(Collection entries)
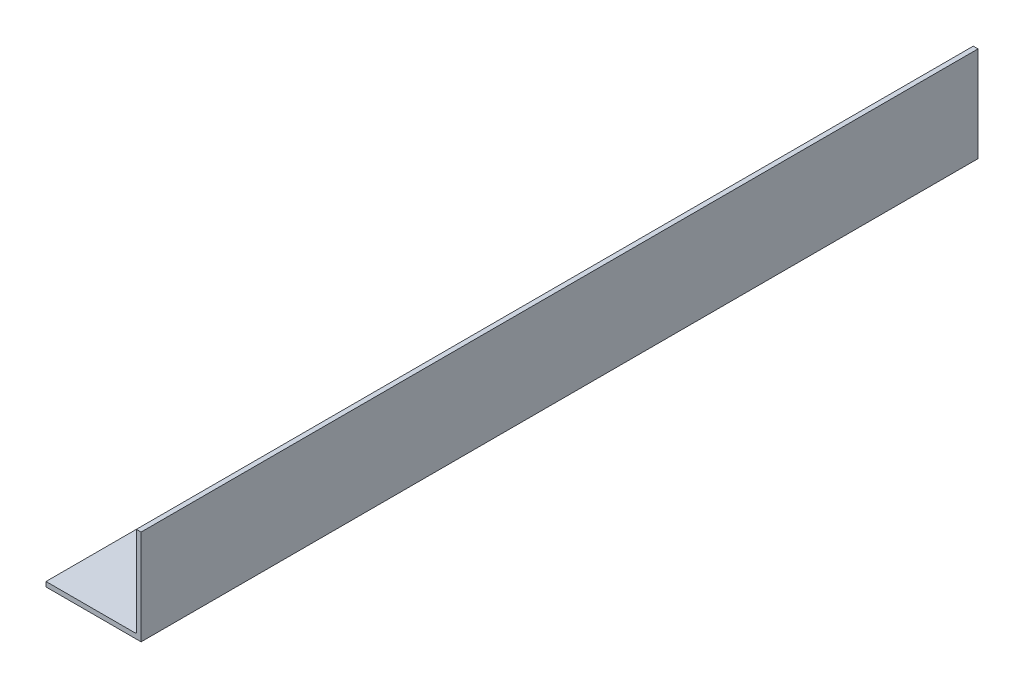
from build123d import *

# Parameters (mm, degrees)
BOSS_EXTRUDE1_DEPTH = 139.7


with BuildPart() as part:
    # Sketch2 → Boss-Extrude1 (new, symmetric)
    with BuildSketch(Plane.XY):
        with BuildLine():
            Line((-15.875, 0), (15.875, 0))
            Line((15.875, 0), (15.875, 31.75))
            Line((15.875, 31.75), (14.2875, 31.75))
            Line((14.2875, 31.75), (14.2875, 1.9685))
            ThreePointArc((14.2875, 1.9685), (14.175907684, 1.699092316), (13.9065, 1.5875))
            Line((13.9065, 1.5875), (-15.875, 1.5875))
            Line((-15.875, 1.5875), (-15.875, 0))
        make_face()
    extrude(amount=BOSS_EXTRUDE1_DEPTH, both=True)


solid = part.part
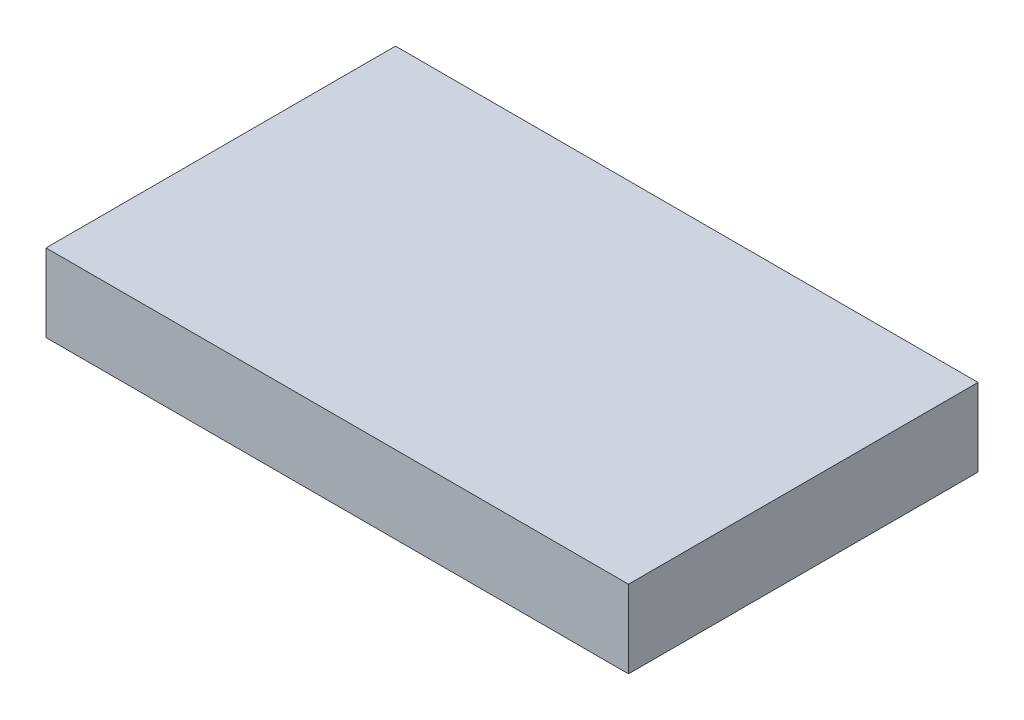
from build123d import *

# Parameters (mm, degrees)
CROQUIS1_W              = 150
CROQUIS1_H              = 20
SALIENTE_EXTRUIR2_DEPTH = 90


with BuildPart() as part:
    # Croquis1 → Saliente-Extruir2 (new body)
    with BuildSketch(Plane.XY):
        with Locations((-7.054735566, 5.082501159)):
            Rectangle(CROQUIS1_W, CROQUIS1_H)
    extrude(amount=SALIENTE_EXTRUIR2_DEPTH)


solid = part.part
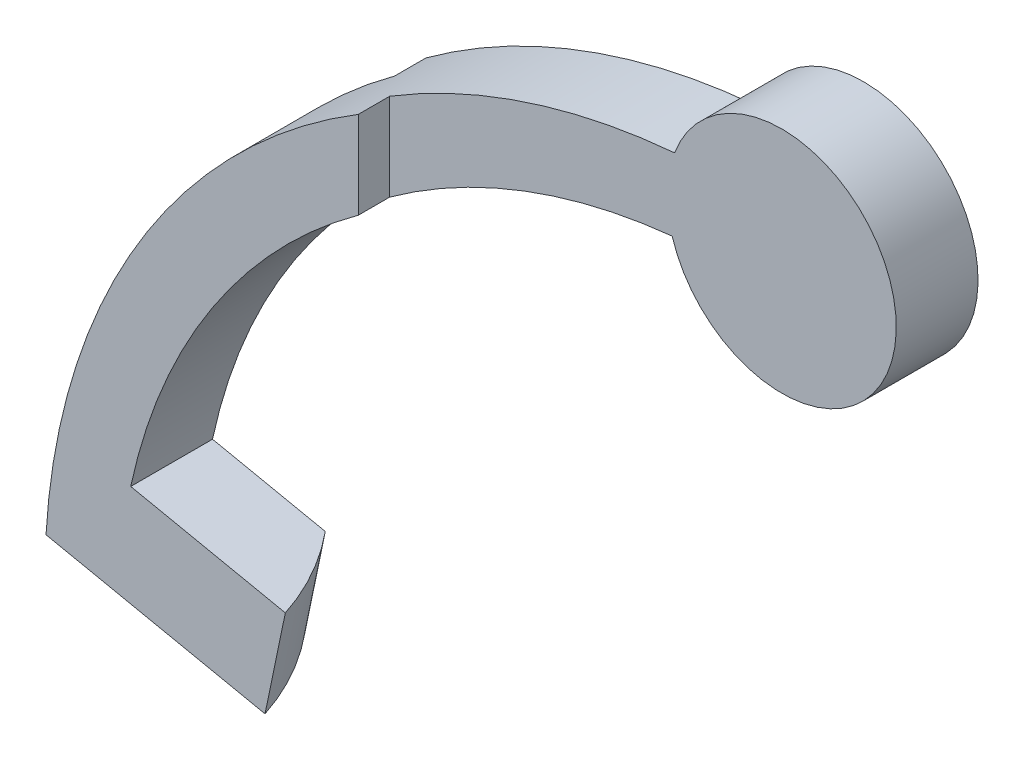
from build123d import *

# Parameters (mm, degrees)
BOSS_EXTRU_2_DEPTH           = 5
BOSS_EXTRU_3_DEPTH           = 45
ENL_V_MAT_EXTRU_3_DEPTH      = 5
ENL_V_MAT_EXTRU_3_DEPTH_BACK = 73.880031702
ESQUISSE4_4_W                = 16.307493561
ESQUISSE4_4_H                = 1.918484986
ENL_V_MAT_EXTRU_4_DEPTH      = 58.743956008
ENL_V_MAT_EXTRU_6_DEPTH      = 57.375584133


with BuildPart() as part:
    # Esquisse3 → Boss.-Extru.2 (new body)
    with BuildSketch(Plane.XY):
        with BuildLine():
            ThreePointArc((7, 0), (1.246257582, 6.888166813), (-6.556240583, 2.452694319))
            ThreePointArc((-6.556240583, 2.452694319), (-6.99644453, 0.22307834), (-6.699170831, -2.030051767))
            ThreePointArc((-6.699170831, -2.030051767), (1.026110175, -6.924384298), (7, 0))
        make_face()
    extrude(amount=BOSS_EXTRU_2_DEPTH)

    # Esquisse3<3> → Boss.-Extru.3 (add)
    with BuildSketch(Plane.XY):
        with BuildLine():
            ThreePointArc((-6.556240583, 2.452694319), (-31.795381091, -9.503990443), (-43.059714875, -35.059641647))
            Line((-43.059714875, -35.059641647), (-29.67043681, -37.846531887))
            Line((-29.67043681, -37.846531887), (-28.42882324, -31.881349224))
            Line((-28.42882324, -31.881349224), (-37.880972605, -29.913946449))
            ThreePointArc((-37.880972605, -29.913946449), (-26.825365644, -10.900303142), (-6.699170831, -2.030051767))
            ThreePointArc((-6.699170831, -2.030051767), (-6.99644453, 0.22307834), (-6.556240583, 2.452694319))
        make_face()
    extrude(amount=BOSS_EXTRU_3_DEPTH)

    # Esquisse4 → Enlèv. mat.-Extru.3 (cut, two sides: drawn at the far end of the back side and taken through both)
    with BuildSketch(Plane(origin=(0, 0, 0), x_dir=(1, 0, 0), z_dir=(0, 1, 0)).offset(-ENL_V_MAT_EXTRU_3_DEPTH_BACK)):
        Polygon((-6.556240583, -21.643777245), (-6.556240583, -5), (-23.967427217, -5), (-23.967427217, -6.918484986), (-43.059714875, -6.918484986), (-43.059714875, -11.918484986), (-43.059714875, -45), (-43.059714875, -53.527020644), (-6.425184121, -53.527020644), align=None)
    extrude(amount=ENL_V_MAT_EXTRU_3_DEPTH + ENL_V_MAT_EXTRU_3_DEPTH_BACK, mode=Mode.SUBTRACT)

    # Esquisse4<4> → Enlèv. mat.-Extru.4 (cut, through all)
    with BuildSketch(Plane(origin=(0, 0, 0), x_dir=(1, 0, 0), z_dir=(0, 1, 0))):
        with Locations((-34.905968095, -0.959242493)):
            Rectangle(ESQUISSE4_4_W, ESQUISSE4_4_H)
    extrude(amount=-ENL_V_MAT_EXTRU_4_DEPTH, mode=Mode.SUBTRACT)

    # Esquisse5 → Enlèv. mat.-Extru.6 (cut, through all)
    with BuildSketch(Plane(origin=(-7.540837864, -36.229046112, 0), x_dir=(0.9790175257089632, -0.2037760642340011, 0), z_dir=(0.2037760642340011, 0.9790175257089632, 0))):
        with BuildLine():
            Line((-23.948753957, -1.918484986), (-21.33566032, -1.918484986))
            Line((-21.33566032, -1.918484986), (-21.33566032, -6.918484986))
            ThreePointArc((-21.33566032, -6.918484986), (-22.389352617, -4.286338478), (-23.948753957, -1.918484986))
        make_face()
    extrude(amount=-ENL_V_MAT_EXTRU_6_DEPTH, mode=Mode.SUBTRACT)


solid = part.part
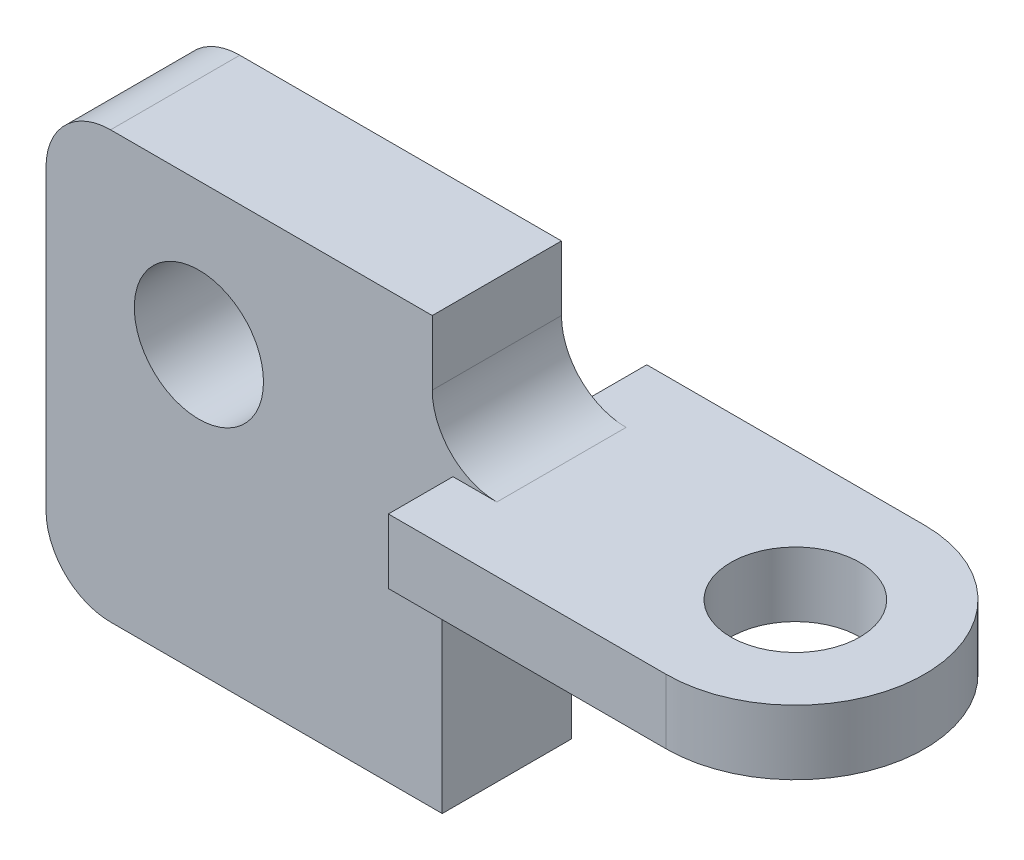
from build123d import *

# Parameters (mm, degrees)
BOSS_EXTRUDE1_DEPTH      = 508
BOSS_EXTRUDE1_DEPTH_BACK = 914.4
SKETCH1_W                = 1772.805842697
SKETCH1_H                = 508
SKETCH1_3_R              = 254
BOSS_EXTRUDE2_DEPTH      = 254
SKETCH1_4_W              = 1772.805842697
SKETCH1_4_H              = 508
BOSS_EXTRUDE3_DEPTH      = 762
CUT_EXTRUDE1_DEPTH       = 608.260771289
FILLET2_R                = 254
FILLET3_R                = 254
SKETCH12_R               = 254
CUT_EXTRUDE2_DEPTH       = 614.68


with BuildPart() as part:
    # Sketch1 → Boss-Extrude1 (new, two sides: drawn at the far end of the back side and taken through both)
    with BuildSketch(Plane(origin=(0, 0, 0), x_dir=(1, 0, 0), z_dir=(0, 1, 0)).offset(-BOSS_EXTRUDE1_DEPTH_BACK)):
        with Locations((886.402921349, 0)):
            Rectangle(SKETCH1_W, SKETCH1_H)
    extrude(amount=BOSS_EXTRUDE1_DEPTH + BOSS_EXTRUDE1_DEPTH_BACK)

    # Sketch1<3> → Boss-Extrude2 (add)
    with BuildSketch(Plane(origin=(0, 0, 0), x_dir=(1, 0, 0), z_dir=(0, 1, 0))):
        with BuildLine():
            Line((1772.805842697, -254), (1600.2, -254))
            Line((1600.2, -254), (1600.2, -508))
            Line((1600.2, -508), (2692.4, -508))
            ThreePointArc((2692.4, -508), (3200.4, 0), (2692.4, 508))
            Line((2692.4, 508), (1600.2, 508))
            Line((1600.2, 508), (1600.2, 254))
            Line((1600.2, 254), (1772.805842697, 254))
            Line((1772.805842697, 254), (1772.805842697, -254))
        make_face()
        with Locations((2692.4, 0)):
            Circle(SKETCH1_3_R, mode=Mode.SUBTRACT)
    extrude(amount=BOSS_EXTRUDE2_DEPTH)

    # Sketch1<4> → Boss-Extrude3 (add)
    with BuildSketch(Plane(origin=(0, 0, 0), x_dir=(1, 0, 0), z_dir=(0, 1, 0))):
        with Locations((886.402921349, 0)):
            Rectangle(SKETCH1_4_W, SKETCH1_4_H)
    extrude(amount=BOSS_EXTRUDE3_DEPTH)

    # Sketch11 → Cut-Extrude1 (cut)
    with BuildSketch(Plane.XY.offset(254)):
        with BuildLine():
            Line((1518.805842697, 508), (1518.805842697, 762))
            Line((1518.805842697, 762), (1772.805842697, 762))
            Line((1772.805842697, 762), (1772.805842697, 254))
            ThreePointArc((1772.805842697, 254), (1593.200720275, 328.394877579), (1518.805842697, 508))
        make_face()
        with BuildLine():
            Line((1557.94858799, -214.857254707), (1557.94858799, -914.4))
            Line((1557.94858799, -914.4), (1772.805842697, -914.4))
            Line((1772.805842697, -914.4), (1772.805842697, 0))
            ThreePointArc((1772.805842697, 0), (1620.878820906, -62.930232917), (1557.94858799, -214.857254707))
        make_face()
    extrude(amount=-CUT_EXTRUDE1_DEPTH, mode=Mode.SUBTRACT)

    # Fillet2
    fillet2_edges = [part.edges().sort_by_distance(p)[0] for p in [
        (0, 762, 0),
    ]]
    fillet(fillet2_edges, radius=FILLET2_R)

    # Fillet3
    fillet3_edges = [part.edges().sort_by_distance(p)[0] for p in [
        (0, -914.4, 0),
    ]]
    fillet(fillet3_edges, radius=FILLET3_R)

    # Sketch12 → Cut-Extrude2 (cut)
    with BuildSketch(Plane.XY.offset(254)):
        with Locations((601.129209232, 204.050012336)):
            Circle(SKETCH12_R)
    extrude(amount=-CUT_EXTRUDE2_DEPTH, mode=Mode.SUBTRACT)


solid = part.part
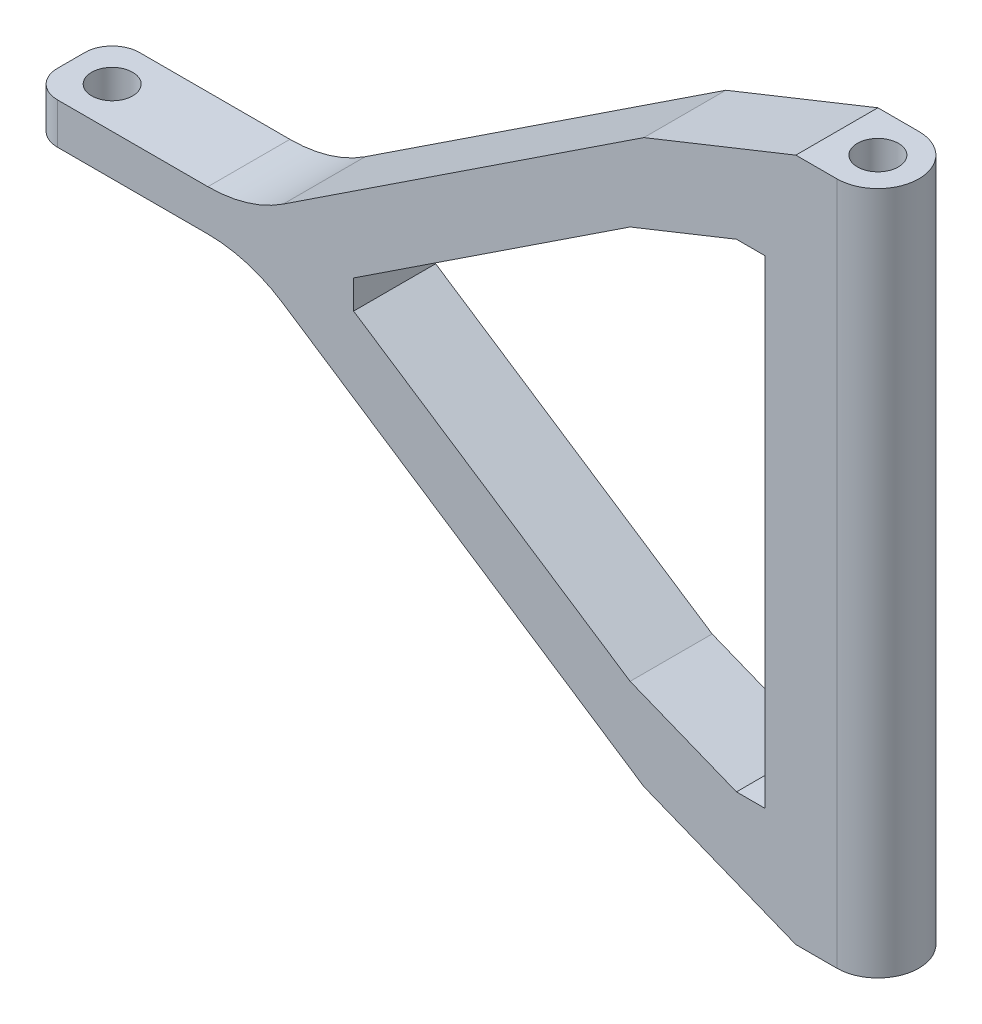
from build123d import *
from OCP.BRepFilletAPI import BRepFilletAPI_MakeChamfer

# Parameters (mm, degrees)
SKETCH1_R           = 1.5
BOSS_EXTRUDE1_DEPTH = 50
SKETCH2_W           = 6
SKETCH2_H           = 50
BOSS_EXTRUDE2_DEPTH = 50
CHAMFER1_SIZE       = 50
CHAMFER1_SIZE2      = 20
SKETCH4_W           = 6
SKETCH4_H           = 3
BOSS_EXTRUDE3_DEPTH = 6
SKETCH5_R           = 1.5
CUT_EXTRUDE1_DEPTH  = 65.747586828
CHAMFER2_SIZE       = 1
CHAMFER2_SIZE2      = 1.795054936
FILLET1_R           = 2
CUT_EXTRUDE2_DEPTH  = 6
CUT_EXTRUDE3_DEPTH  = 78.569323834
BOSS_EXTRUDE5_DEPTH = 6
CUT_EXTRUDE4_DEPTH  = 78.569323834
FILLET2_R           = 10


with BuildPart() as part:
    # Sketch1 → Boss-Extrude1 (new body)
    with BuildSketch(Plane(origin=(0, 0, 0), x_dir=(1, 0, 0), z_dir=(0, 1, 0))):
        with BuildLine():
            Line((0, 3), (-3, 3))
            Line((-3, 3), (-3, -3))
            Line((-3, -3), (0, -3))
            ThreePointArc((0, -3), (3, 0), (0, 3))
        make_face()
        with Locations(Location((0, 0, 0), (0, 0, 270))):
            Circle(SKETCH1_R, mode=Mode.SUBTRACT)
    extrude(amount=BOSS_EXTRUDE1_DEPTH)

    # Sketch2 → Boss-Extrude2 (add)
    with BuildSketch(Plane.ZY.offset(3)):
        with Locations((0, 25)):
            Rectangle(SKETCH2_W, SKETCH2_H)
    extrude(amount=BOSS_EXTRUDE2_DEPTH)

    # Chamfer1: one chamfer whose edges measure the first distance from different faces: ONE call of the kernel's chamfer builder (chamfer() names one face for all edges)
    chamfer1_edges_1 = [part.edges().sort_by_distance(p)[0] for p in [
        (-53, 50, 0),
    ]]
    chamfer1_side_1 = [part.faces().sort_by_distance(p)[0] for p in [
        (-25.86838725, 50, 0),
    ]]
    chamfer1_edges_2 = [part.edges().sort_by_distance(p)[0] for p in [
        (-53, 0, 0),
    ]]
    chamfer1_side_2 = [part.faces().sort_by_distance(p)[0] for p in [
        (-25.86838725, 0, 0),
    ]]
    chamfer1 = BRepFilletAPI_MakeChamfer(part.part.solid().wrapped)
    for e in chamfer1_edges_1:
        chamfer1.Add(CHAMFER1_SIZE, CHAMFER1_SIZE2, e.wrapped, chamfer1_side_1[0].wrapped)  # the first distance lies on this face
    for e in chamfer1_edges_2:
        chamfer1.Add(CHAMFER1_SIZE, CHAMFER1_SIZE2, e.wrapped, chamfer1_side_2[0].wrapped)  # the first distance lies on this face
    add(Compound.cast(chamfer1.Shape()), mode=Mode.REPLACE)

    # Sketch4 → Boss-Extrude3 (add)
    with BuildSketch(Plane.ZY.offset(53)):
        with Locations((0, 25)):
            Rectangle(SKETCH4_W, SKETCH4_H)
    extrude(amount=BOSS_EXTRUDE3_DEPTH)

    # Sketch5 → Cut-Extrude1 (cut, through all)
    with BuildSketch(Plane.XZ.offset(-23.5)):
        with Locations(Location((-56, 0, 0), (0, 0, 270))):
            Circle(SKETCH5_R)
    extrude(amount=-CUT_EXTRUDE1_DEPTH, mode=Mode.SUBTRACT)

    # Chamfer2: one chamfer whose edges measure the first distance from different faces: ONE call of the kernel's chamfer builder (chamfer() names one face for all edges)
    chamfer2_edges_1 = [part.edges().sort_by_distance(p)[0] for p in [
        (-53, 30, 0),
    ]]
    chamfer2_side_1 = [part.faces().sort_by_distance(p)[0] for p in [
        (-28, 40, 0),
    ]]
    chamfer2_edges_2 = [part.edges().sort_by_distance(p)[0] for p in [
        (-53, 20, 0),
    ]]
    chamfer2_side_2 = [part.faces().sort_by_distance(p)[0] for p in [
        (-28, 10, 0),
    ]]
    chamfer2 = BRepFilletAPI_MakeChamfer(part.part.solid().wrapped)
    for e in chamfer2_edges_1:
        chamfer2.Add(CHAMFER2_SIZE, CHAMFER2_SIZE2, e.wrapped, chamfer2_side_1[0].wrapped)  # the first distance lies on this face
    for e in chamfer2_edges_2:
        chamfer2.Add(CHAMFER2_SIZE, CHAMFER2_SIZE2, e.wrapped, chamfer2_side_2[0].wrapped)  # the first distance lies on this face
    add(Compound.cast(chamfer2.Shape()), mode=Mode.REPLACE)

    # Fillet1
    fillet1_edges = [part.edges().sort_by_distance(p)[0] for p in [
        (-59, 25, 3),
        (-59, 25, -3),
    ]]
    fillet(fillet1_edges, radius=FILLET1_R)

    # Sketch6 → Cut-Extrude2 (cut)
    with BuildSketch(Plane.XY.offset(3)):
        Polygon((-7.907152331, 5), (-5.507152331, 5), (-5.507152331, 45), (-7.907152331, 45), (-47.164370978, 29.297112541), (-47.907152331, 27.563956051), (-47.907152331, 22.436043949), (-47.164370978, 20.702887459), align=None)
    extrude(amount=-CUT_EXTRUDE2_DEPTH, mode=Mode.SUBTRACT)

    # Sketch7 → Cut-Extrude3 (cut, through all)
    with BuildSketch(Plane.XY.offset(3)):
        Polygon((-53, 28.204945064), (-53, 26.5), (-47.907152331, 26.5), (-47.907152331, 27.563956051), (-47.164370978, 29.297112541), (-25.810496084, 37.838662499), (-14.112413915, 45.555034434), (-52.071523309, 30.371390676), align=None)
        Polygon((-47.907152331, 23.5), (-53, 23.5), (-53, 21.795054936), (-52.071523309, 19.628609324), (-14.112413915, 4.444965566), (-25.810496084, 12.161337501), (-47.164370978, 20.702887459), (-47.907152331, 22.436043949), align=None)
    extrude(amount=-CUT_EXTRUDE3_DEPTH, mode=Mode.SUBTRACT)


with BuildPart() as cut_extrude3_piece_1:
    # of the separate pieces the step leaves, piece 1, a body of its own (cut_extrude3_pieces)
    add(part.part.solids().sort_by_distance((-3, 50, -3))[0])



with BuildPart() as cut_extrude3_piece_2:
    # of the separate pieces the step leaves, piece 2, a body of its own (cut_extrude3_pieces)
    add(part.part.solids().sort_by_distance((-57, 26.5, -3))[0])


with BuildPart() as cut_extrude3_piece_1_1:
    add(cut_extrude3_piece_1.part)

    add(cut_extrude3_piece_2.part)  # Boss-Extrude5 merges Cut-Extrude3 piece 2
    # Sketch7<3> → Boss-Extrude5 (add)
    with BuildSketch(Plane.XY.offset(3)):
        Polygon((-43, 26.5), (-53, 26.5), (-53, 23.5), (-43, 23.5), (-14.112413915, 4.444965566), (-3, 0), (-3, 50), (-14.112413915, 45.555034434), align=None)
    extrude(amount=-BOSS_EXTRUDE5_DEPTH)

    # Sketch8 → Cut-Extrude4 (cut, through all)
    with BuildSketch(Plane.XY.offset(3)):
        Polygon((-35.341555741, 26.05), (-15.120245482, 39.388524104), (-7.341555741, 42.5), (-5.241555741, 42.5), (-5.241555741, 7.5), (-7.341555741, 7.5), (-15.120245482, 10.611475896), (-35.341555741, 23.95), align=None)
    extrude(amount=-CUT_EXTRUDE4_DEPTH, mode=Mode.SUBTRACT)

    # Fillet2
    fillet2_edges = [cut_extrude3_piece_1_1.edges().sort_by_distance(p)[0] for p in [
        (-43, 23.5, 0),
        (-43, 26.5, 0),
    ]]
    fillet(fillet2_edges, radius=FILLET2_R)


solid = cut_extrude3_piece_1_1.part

## Action item
Please find all lines of the entries that hold the string "Shape" and copy them.

## Response for this exercise
    add(Compound.cast(chamfer1.Shape()), mode=Mode.REPLACE)
    add(Compound.cast(chamfer2.Shape()), mode=Mode.REPLACE)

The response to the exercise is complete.